Modern deep neural network (DNN) applications demand a remarkable processing throughput usually unmet by traditional Von Neumann architectures. Consequently, hardware accelerators, comprising a sea of multiplier and accumulate (MAC) units, have recently gained prominence in accelerating DNN inference engine. For example, Tensor Processing Units (TPU) account for a lion’s share of Google’s datacenter inference operations. The proliferation of real-time DNN predictions is accompanied with a tremendous energy budget. In quest of trimming the energy footprint of DNN accelerators, we propose EFFORT—an energy optimized, yet high performance TPU architecture, operating at the Near-Threshold Computing (NTC) region. EFFORT promotes a better-than-worst-case design by operating the NTC TPU at a substantially high frequency while keeping the voltage at the NTC nominal value. In order to tackle the timing errors due to such aggressive operation, we employ an opportunistic error mitigation strategy. Additionally, we implement an in-situ clock gating architecture, drastically reducing the MACs’ dynamic power consumption. Compared to a cutting-edge error mitigation technique for TPUs, EFFORT enables up to 2.5× better performance at NTC with only 2% average accuracy drop across 3 out of 4 DNN datasets.
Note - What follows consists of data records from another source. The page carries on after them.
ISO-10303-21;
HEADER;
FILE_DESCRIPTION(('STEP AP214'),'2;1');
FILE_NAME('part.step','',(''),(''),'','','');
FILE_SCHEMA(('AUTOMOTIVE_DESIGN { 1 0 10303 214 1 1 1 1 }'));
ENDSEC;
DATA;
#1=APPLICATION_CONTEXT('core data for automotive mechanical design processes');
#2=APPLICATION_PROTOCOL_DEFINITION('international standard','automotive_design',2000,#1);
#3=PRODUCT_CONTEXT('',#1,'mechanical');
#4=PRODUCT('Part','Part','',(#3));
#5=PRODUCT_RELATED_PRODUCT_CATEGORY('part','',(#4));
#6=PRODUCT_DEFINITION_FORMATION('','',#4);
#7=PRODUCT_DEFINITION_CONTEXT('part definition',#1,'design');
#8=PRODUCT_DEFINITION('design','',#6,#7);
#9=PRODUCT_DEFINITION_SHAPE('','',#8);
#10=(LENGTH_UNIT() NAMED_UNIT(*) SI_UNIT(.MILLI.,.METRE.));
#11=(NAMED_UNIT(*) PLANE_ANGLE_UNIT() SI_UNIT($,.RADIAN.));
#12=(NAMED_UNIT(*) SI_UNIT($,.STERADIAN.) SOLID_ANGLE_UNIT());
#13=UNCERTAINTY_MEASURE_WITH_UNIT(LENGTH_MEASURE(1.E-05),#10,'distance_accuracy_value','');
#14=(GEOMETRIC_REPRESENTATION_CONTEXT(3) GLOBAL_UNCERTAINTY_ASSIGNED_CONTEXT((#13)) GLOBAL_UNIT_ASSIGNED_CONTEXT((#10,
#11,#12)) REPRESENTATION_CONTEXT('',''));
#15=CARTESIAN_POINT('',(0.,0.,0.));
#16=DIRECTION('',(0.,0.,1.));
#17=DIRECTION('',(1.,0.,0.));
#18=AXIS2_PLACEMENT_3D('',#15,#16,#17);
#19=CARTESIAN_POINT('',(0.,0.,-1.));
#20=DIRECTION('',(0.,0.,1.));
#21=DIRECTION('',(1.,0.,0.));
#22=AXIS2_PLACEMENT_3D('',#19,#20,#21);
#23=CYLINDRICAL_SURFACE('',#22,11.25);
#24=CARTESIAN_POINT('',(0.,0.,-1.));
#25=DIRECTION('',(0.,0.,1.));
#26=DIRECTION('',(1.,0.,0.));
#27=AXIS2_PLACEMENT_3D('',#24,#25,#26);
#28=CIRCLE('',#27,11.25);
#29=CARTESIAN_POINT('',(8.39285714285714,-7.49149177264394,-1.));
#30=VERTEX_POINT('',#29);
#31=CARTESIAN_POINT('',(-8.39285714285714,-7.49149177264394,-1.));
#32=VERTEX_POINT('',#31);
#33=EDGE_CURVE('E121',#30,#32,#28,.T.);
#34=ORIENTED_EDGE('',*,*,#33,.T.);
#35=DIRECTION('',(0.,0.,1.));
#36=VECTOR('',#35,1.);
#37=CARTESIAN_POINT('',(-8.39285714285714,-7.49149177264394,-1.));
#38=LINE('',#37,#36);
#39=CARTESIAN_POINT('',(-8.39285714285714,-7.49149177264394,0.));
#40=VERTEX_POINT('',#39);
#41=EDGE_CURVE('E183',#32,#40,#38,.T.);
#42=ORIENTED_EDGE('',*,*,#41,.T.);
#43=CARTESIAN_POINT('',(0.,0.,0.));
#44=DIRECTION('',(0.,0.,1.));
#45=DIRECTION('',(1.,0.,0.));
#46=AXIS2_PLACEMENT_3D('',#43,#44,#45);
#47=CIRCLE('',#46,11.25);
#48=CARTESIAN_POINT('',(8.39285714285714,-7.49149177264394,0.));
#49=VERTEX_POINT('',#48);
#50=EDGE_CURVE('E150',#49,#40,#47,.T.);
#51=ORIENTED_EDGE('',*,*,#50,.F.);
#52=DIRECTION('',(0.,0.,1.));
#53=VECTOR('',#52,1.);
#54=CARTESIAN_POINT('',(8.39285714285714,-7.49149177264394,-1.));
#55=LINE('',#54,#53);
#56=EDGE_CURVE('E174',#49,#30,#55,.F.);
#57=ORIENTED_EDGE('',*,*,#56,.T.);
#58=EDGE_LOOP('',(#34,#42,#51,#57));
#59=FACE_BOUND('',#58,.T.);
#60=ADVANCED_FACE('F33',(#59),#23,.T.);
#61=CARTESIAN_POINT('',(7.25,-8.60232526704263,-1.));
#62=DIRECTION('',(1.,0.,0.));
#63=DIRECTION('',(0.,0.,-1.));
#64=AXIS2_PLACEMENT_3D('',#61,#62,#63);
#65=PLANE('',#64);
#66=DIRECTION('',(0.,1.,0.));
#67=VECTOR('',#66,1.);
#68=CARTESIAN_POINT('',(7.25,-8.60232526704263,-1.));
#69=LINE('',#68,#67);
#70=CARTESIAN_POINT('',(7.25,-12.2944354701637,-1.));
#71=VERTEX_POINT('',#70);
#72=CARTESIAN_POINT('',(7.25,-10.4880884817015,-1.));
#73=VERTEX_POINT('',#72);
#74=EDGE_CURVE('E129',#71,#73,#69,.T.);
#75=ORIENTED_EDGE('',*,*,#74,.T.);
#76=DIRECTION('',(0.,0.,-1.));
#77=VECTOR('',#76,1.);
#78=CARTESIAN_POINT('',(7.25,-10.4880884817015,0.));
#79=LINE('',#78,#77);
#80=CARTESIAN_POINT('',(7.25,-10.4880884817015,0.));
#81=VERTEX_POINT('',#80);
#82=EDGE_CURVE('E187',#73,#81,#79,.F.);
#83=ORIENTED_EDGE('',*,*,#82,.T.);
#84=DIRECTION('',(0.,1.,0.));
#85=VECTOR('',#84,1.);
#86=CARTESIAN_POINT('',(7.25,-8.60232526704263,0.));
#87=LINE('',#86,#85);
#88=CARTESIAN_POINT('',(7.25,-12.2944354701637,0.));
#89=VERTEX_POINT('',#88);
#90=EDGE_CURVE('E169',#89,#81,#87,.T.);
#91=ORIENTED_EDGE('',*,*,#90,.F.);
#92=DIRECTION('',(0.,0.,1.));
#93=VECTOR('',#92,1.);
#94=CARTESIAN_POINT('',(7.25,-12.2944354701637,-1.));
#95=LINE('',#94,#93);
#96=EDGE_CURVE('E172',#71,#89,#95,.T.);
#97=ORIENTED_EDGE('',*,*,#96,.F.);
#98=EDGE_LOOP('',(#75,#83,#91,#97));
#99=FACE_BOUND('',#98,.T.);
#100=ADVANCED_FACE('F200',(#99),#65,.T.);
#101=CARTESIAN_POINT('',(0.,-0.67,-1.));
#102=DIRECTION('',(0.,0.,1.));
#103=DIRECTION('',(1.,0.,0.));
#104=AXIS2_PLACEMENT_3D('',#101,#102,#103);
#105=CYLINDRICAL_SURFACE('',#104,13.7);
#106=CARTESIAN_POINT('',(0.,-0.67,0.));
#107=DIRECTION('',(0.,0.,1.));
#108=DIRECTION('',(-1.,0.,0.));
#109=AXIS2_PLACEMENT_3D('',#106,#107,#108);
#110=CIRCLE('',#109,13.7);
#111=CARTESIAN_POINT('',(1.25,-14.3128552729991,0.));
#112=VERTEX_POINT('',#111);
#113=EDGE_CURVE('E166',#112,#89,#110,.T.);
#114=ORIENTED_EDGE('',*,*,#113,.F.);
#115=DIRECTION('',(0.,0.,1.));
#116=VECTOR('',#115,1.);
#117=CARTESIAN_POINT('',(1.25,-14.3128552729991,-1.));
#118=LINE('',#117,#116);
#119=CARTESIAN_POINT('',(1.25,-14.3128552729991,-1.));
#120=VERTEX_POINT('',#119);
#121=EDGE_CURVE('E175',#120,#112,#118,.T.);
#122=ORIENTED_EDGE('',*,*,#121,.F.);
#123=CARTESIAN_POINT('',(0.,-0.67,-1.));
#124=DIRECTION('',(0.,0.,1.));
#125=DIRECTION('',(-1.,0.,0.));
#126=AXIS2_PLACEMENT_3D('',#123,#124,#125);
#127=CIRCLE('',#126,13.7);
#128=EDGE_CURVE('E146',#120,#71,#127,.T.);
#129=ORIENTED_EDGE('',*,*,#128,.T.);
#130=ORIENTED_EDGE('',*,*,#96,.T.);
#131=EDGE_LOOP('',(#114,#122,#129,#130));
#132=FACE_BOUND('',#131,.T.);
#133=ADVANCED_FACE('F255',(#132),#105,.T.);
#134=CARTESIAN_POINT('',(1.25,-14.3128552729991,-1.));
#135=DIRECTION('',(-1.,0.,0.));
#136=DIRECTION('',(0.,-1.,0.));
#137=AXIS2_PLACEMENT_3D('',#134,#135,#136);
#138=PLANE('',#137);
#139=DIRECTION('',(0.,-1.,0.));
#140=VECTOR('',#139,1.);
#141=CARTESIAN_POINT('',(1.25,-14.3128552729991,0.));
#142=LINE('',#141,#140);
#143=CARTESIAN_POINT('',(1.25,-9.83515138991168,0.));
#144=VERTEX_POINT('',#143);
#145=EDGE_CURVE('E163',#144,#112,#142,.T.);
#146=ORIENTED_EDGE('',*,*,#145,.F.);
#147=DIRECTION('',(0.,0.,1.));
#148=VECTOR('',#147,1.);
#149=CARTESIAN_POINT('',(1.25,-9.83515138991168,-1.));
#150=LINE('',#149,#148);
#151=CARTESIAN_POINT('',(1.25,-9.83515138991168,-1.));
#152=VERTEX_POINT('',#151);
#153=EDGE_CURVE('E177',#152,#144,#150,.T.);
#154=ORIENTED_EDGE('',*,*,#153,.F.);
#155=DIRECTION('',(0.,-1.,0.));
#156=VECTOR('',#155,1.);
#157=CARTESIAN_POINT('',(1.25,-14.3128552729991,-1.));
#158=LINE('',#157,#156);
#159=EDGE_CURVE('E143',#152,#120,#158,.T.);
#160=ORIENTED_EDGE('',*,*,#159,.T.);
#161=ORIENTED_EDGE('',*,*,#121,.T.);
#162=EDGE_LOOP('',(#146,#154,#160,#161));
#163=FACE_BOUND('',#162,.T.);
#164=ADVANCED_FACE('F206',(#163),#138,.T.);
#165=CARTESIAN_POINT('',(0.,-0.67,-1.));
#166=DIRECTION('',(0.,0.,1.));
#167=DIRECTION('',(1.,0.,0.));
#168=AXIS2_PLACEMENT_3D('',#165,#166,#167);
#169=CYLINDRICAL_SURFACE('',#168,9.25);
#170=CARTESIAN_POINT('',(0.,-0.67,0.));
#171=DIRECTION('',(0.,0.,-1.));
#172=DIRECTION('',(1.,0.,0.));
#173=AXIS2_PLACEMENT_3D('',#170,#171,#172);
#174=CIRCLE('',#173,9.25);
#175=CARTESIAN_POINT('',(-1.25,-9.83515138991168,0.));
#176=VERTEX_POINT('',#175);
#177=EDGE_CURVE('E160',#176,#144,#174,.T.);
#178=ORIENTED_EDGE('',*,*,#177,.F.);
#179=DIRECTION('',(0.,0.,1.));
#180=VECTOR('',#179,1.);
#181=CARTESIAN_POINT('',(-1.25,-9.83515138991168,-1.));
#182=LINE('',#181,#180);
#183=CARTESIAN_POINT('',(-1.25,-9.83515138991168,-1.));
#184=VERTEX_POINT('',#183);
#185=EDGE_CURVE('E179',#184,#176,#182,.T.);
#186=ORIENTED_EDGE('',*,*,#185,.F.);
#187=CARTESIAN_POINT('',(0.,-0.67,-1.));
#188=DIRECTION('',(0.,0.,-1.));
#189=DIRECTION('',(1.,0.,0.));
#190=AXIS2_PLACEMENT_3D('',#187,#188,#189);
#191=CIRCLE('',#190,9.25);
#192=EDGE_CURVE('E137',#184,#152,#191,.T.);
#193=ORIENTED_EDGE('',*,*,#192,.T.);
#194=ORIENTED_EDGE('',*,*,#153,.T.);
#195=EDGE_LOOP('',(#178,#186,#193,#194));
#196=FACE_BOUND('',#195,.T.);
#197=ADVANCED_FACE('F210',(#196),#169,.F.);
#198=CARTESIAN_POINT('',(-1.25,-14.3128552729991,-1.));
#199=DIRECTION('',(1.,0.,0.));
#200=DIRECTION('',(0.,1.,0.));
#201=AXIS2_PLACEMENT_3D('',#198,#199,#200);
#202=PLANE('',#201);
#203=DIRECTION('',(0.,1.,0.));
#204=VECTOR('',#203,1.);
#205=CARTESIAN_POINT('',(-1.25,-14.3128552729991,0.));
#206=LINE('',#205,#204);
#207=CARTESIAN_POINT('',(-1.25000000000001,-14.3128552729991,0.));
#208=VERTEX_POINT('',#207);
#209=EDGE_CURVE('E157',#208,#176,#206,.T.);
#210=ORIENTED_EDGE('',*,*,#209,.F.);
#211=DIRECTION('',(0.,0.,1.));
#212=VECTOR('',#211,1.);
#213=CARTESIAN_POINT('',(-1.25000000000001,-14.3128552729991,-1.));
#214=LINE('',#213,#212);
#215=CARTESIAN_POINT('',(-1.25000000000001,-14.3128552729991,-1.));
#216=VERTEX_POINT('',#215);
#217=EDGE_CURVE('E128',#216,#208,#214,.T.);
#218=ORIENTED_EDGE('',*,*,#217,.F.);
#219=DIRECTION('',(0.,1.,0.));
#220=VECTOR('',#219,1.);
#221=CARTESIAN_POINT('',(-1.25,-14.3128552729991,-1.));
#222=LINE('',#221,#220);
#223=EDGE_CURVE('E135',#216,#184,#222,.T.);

努力:提高近阈值张量处理单元的能量效率和错误恢复能力
现代深度神经网络(DNN)的应用需要显著的处理吞吐量,这通常是传统的冯·诺依曼架构无法满足的。因此,硬件加速器,包括大量的乘子和累积(MAC)单元,最近在加速深度神经网络推理引擎方面获得了突出的地位。例如,张量处理单元(TPU)占谷歌数据中心推理操作的大部分份额。实时深度神经网络预测的激增伴随着巨大的能量预算。为了减少深度神经网络加速器的能量足迹,我们提出了一种能量优化的高性能TPU架构,在近阈值计算(NTC)区域运行。EFFORT通过在NTC标称电压保持在NTC标称值的情况下以相当高的频率操作NTC TPU,促进了优于最坏情况的设计。为了解决由于这种激进操作造成的时间错误,我们采用机会性错误缓解策略。此外,我们实现了一个原位时钟门控架构,大大降低了mac的动态功耗。与tpu的尖端误差缓解技术相比,EFFORT在NTC上的性能提高了2.5倍,在4个DNN数据集中的3个中平均精度仅下降了2%。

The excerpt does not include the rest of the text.